Et quand on a quelqu’un qu’on hait ou qui déplaît,
Lui doit-on déclarer la chose comme elle est ?

Alceste :
Oui. »

En relisant ces vers, je me disais : « Y a pas à barguigner, Philinte a raison ». Le bon sens populaire l’exprime plus simplement : « Toute vérité n’est pas bonne à dire ». C’est vrai quoi ! Or j’ai beau me le dire et me le répéter, j’en use toujours à l’instar d’Alceste. Ça rate pas. Résultat : je gaffe, plus grave, je blesse parfois et le vide se fait autour moi. Il n’est guère que H. (mon Etienne de La Boétie, souvent évoqué dans ce blog) pour supporter, d’un coeur vaillant, mes injures et mes abominations.

Mais bon, encore une fois, je m’égare, je procrastine… Venons-en au fait :

Voilà… Je voulais dire… euh… un truc. Qui concerne… les élections. Pas que… mais surtout… D’un autre côté, ça m’embête. Si, si. Sincèrement. Parce que je ne voudrais pas qu’on le prît mal. Et le risque est grand. Attendu que je m’apprête à faire reproche à des gens qui, d’évidence, veulent mon bien et dont la position (politique) est fondamentalement proche de la mienne.

Maintenant, je me dis aussi (avec Félix Leclerc) « qu’un coup de pied donné et s’il est bien donné, souvent est pardonné après quelques années ». Bref, attention aux tibias, je vais savater. Sans méchanceté aucune, vraiment, mais sans retenir le coup. Pour la bonne et simple raison qu’on me… fatigue et qu’il s’agit, de surcroît, d’un cas de récidive.

Je m’explique.

En 2002, entre les deux tours, j’étais inondé de mails avec pièces attachées (généralement censées être amusantes) visant à asséner à la bête immonde des coups aussi rudes que répétés. Parfois, on me conseillait d’aller voter (Chirac bien sûr) avec une pince à linge sur le nez… ou avec des gants de ménage. On me proposait de renvoyer les bulletins Le Pen à l’Elysée. Et tout un tas d’autres facéties que j’ai oubliées. Ces messages, j’en conviens, étaient animés d’une colère légitime, d’une volonté d’action louable et d’intentions généreuses. Ils s’accompagnaient toujours d’un conseil express, en post scriptum –et souvent en caractères gras– : « Message à faire circuler d’urgence ! »

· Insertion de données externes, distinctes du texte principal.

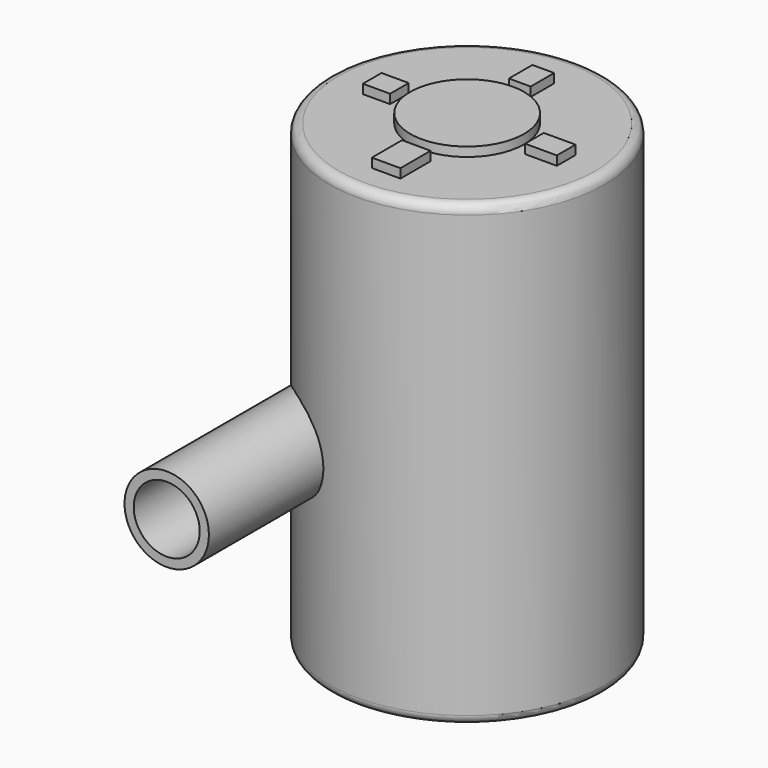
from build123d import *

# Parameters (mm, degrees)
F0_R      = 76.2
F1_DEPTH  = 254
F2_R      = 31.5064742485
F3_DEPTH  = 5.08
F5_R      = 5.08
F6_R      = 5.08
F7_W      = 15.0262638927
F7_H      = 12.87966175
F8_DEPTH  = 5.08
F9_W      = 12.0340203866
F9_H      = 16.2621960044
F10_DEPTH = 5.08
F11_W     = 17.5631716847
F11_H     = 12.9121849313
F12_DEPTH = 5.08
F13_W     = 15.818908345
F13_H     = 20.8626762033
F14_DEPTH = 5.08
F15_R     = 23.3473489608
F16_DEPTH = 152.4
F18_T     = -5.08


# Not quite as in the source:
# - a feature of the source that left no trace in its solid (it failed there, or was rolled back) is left out


with BuildPart() as f1:
    # F0 (on Top) → F1 (new body)
    with BuildSketch(Plane.XY):
        Circle(F0_R)
    extrude(amount=F1_DEPTH)

    # F5
    f5_edges = [f1.edges().sort_by_distance(p)[0] for p in [
        (-76.2, 0, 254),
    ]]
    fillet(f5_edges, radius=F5_R)

    # F6
    f6_edges = [f1.edges().sort_by_distance(p)[0] for p in [
        (-76.2, 0, 0),
    ]]
    fillet(f6_edges, radius=F6_R)


with BuildPart() as f3:
    # F2 (on face) → F3 (new body)
    with BuildSketch(Plane.XY.offset(254)):
        Circle(F2_R)
    extrude(amount=F3_DEPTH)


with BuildPart() as f8:
    # F7 (on face) → F8 (new body)
    with BuildSketch(Plane.XY.offset(254)):
        with Locations((-44.7210334241, -0.3577677999)):
            Rectangle(F7_W, F7_H)
    extrude(amount=F8_DEPTH)


with BuildPart() as f10:
    # F9 (on face) → F10 (new body)
    with BuildSketch(Plane.XY.offset(254)):
        with Locations((0, 44.558417052)):
            Rectangle(F9_W, F9_H)
    extrude(amount=F10_DEPTH)


with BuildPart() as f12:
    # F11 (on face) → F12 (new body)
    with BuildSketch(Plane.XY.offset(254)):
        with Locations((46.3472604752, -0.3740293905)):
            Rectangle(F11_W, F11_H)
    extrude(amount=F12_DEPTH)


with BuildPart() as f14:
    # F13 (on face) → F14 (new body)
    with BuildSketch(Plane.XY.offset(254)):
        with Locations((1.8924439792, -47.9520522058)):
            Rectangle(F13_W, F13_H)
    extrude(amount=F14_DEPTH)


with BuildPart() as f16:
    # F15 (on Front) → F16 (new body)
    with BuildSketch(Plane.XZ):
        with Locations((-44.3437509239, -31.4783900976)):
            Circle(F15_R)
    extrude(amount=F16_DEPTH)


with BuildPart() as f16_1:
    # F17: moved
    add(f16.part.moved(Location((0, 0, 140.14199))))

    # F18
    f18_openings = [f16_1.faces().sort_by_distance(p)[0] for p in [
        (-44.343751, -152.4, 108.6636),
    ]]
    offset(amount=F18_T, openings=f18_openings)


solid = Compound([f1.part, f3.part, f8.part, f10.part, f12.part, f14.part, f16_1.part])

Depuis dimanche dernier, rebelote. J’ai dû recevoir quinze exemplaires de l’affiche modifiée de Sarkozy, dix copies (au format .pdf) du texte de Serge Portelli intitulé « Ruptures », autant de fichiers d’un appel d’Ariane Mnouchkine, quelques photos d’un goût douteux, etc. j’en passe et des meilleurs. Et toujours, en PS, la quasi comminatoire mention : « A faire circuler d’urgence ! »

Les messages de 2002 ont ceci de commun avec ceux d’aujourd’hui qu’ils ne me font JAMAIS rire (conformément à l’adage qui dit que si le comique naît de la répétition… l’ennui aussi) et que leur pathétique inutilité, voire leur contre-productivité, me semblent tellement avérées que je m’étonne qu’elles n’aient pas refroidi l’enthousiasme des expéditeurs. 

Bien évidemment, je n’ai fait -ni ne ferai- circuler aucun de ces documents vu que les réseaux de relation et de connivence ne sont pas infinis et que c’est probablement à vous tous que je les renverrais. C’est d’ailleurs pour cette raison que j’en suis moi-même destinataire à un rythme où mon anti-spam ne sait plus où donner de la tête. Je vous le demande donc :

« Please, stop. And stop NOW. »

Ces messages ne disent rien, ne servent à rien. Ils circulent entre vous (entre nous), entre convaincus de la coterie antilibérale, entre gens qui pensent en rond (et qui prennent le risque d’avoir les idées courbes -comme disait Léo Ferré). Chaque fois qu’ils atteignent (exceptionnellement) un adversaire ou un indécis, gardez-vous bien de croire qu’ils parviendront à les convaincre. Ils irriteront l’adversaire, le renforceront dans ces certitudes et effrayeront l’indécis par leur dimension caricaturale ou outrancière (et c’est en cela qu’ils peuvent s’avérer contre-productifs).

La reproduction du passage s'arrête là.